Come on Mark. You know. Let us in.


----------



## Presence (Mar 14, 2004)

Actually, I was just coming here to post that one of my 622s has L3.60. Guess you guys already know it's out there.


----------



## keenan (Feb 8, 2005)

If it really fixes the video stuttering I'll be a very happy camper, very annoying issue.


----------



## Mark Lamutt (Mar 24, 2002)

I hope that most of the video jitter will be taken care of with this release for most people. I haven't seen any for several days now, and I used to see it all the time on SD and HD channels. There are still some judder issues on pans on some channels, but that's due to lower resolution and bitrate, not due to 622 software issues.


----------



## Ron Barry (Dec 10, 2002)

Presence said:


> Actually, I was just coming here to post that one of my 622s has L3.60. Guess you guys already know it's out there.


Interesting.. I would have expect the 200+ units it was targeted for to be a Beta last night.
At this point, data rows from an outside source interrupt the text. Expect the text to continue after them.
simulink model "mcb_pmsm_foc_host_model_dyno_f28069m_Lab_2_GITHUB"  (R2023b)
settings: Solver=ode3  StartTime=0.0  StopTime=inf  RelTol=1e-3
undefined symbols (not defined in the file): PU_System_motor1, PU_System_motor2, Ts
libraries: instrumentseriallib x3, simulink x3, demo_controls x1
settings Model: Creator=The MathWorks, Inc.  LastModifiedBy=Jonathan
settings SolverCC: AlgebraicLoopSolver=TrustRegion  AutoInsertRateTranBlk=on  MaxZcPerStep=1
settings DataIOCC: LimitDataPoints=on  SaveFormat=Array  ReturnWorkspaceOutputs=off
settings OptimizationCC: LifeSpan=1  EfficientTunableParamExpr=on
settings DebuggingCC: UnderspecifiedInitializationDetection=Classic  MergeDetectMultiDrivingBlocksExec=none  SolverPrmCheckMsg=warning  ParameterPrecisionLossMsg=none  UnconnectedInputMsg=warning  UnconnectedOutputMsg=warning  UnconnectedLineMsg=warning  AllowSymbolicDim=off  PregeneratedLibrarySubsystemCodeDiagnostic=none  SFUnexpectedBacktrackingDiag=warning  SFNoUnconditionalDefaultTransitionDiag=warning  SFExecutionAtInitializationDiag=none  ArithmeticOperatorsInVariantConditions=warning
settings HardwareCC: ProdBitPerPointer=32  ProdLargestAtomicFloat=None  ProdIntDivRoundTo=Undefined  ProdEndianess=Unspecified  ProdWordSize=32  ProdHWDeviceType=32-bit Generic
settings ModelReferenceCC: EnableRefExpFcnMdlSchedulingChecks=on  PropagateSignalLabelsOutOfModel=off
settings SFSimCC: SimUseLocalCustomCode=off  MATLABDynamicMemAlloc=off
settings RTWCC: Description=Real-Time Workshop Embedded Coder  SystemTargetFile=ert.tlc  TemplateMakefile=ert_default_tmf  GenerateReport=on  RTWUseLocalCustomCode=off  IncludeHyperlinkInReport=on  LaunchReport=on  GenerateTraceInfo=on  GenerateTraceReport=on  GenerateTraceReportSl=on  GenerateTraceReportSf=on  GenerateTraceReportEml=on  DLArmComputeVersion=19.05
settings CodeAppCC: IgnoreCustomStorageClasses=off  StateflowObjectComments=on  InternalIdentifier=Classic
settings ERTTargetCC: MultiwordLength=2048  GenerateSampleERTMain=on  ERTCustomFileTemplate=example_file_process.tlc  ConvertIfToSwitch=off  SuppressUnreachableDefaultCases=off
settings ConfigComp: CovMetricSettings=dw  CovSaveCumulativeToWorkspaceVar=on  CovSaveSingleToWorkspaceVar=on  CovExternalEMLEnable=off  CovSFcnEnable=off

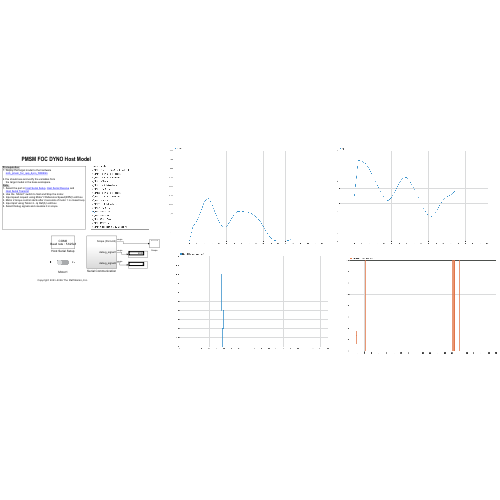
[thumbnail: Simulink's stored preview of the top-level diagram]
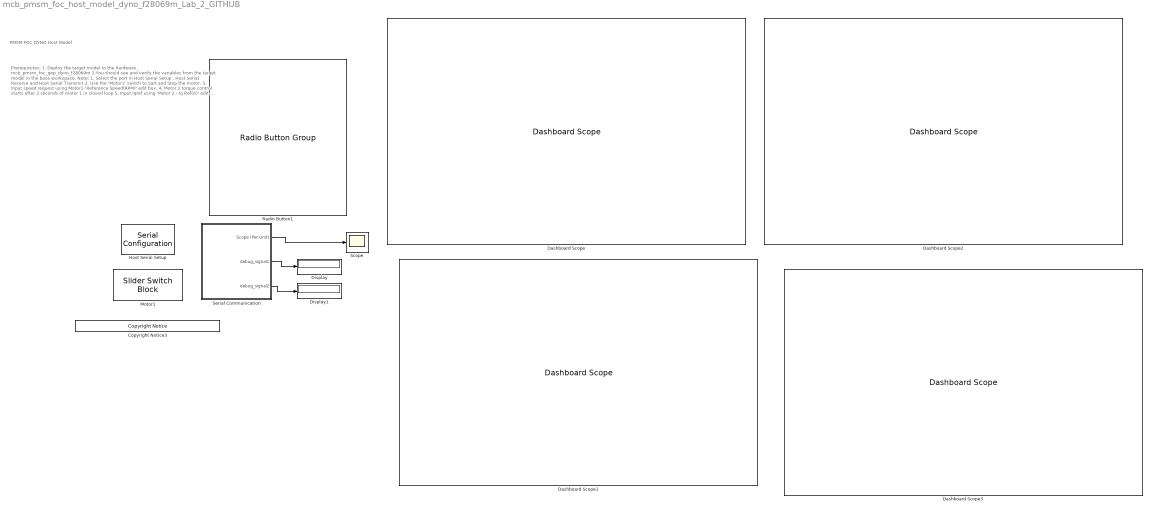
== system mcb_pmsm_foc_host_model_dyno_f28069m_Lab_2_GITHUB ==
  note: Prerequisites:
      | 1. Deploy the target model to the hardware
      | mcb_pmsm_foc_qep_dyno_f28069m
      |
      | 2.You should see and verify the variables from
      | the target model in the base workspace.
      | Note:
      | 1. Select the port in Host Serial Setup , Host Serial Receive and
      | Host Serial Transmit
      | 2. Use the 'Motor1' switch to Sart and Stop the motor.
      | 3. Input speed request using Motor1-'Reference Speed(RPM)' edit box.
      | 4. Motor 2 torque control starts after 2 seconds of motor 1 in closed loop
      | 5. Input Iqref using 'Motor 2 - Iq Ref(A)' edit box
      | 6. Select Debug signals and visualize it in scope.
  note: PMSM FOC DYNO Host Model
  Copyright Notice3 : demo_controls/Copyright Notice  year=2021  prod=tic2000
  Dashboard Scope : DashboardScope  TimeSpan=40  Ymin=-10  Ymax=5000  ScaleAtStop=off
  Dashboard Scope1 : DashboardScope  TimeSpan=100  Ymin=-0  Ymax=5  ScaleAtStop=off
  Dashboard Scope2 : DashboardScope  TimeSpan=40  Ymin=-6  Ymax=6  ScaleAtStop=off
  Dashboard Scope3 : DashboardScope  TimeSpan=40  Ymin=0  Ymax=4000  ScaleAtStop=off
  Display : Display
  Display1 : Display
  Host Serial Setup : instrumentseriallib/Serial Configuration  Priority=-99  PortSel=COM6  Port=COM6  ComPort=COM6  BaudRate=5.625e6  DataBits=8  Parity=none  StopBits=1  ByteOrder=little-endian  FlowControl=none  Timeout=2  SimulateUsing=Interpreted execution  BlockInModel=on  aMode=5
  Motor1 : SliderSwitchBlock  LabelPosition=Hide
      settings: Values={{'Stop', 'Start'}, [0 1]}
  Radio Button1 : RadioButtonGroup  LabelPosition=Hide  SelectedLabel=Mtr1&Mtr2: Pm  ButtonGroupName=Debug signals
      settings: Values={{'Mtr1: Speed ref & Speed feedback', 'Mtr1: Id ref & Id feedback', 'Mtr1: Iq ref & Iq feedback', 'Mtr1: Vd & Vq', 'Mtr1: Ia & Ib feedback', 'Mtr1: Pm & Te', 'Mtr2: Id ref & Id feedback', 'Mtr2: Iq ref & Iq feedback', 'Mtr2: Vd & Vq', 'Mtr2: Ia & Ib feedback', 'Mtr2: Pm & Te', 'Mtr1&Mtr2: Pm', 'Mtr1&Mtr2: Te', 'Mtr1&Mtr2: Pos', 'Mtr1&Mtr2: Ia', 'Mtr1 Speed ref & Mtr2 Speed fb'}, [1 2 3 4 5 6 7 8 9 10 11 12 13 14 15 0]}
  Scope : Scope
  Serial Communication : Subsystem
  wires:
  Serial Communication/1(Scope (Per-Unit)) -> Scope/1
  Serial Communication/2(debug_signal1) -> Display/1
  Serial Communication/3(debug_signal2) -> Display1/1

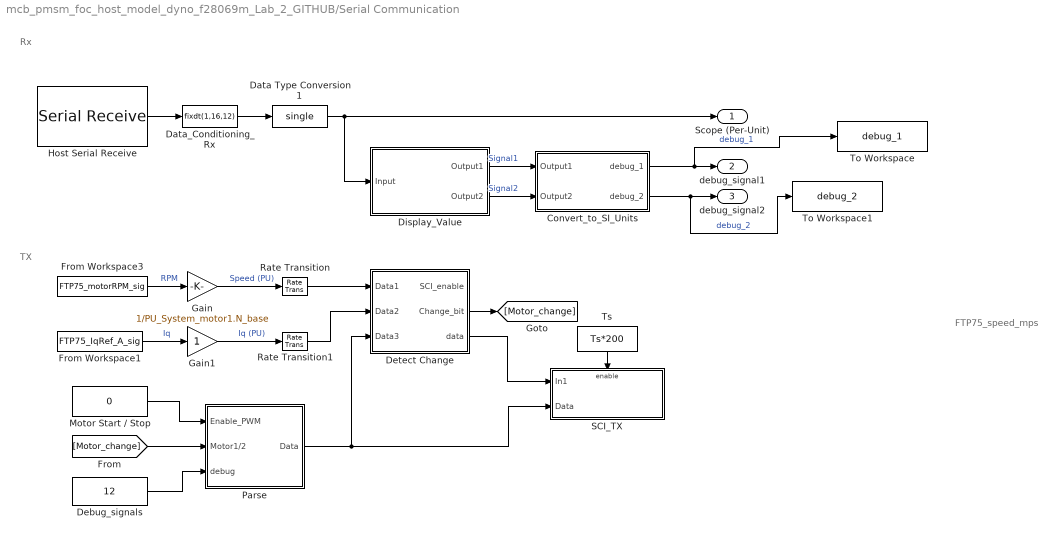
== system mcb_pmsm_foc_host_model_dyno_f28069m_Lab_2_GITHUB/Serial Communication ==
  note: FTP75_speed_mps
  note: TX
  note: Rx
  Convert_to_SI_Units : Subsystem
  Data Type Conversion1 : DataTypeConversion  OutDataTypeStr=single  RndMeth=Simplest  SaturateOnIntegerOverflow=off
  Data_Conditioning_Rx : DataTypeConversion  OutDataTypeStr=fixdt(1,16,12)  ConvertRealWorld=Stored Integer (SI)  RndMeth=Nearest
  Debug_signals : Constant  Value=12  OutDataTypeStr=uint16  SampleTime=0.03
  Detect Change : Subsystem
  Display_Value : MATLAB Function  TreatAsAtomicUnit=on
  From Workspace1 : FromWorkspace  VariableName=FTP75_IqRef_A_sig
  From Workspace3 : FromWorkspace  VariableName=FTP75_motorRPM_sig
  Gain : Gain  Gain=1/PU_System_motor1.N_base  OutDataTypeStr=single  RndMeth=Simplest
  Gain1 : Gain  RndMeth=Simplest  OutDataTypeStr=Inherit: Same as input
  Host Serial Receive : instrumentseriallib/Serial Receive  PortSel=COM6  Port=COM6  ComPort=COM6  DataType=uint16  SaveDataType=uint8  ToggleHeader=on  Header='SS'  DataSize=[600 2]  ToggleTerminator=on  Terminator=Custom terminator  CustomTerminator='EE'  InputFormat=Row major  ToggleDataSize=on  EnableBlockingMode=on  ActionDataUnavailable=Output last received value  ActionWhenDataUnavailable=Output last received value  CustomValue=0  SampleTime=Ts*200  SimulateUsing=Interpreted execution  BlockInModel=on  aMode=5
  Motor Start / Stop : Constant  Value=0  VectorParams1D=off  OutDataTypeStr=uint16  SampleTime=0.03
  Parse : Subsystem
  Rate Transition : RateTransition  OutPortSampleTime=0.03
  Rate Transition1 : RateTransition  OutPortSampleTime=0.03
  SCI_TX : Subsystem  TreatAsAtomicUnit=on
  To Workspace : ToWorkspace  VariableName=debug_1  SaveFormat=Timeseries  SampleTime=-1
  To Workspace1 : ToWorkspace  VariableName=debug_2  SaveFormat=Timeseries  SampleTime=-1
  Ts : Constant  Value=Ts*200  VectorParams1D=off  OutDataTypeStr=boolean  SampleTime=0.03
  Scope (Per-Unit) : Outport
  debug_signal1 : Outport  Port=2
  debug_signal2 : Outport  Port=3
  wires:
  Detect Change/2(Change_bit) -> [Motor_change]
  Gain/1 -> Rate Transition/1  "Speed (PU)"
  Motor Start / Stop/1 -> Parse/1(Enable_PWM)
  Parse/1(Data) -> SCI_TX/2(Data), Detect Change/3(Data3)
  Debug_signals/1 -> Parse/3(debug)
  Detect Change/3(data) -> SCI_TX/1(In1)
  Rate Transition1/1 -> Detect Change/2(Data2)
  Gain1/1 -> Rate Transition1/1  "Iq (PU)"
  Rate Transition/1 -> Detect Change/1(Data1)
  [Motor_change] -> Parse/2(Motor1/2)
  Host Serial Receive/1 -> Data_Conditioning_Rx/1
  Convert_to_SI_Units/2(debug_2) -> To Workspace1/1, debug_signal2/1  "debug_2"
  Convert_to_SI_Units/1(debug_1) -> To Workspace/1, debug_signal1/1  "debug_1"
  Data_Conditioning_Rx/1 -> Data Type Conversion1/1
  Display_Value/2(Output2) -> Convert_to_SI_Units/2(Output2)  "Signal2"
  Display_Value/1(Output1) -> Convert_to_SI_Units/1(Output1)  "Signal1"
  Data Type Conversion1/1 -> Scope (Per-Unit)/1, Display_Value/1(Input)
  Ts/1 -> SCI_TX/Enable
  From Workspace3/1 -> Gain/1  "RPM"
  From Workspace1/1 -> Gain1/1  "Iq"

Guess you got lucky. Have not seen any other posts about it in the wild and this morning and as of this morning I am still on 359.


----------



## ebaltz (Nov 23, 2004)

Mark Lamutt said:


> I hope that most of the video jitter will be taken care of with this release for most people. I haven't seen any for several days now, and I used to see it all the time on SD and HD channels. There are still some judder issues on pans on some channels, but that's due to lower resolution and bitrate, not due to 622 software issues.


Anything else in it? Did it fix that issue with PIP Swap introduced in 359?


----------



## Ron Barry (Dec 10, 2002)

What do you mean by PIP swap? Are you talking about the reboot issue when you have share view disabled? Given the circumstances around that issue, I would be very suprised if that one was not fixed. 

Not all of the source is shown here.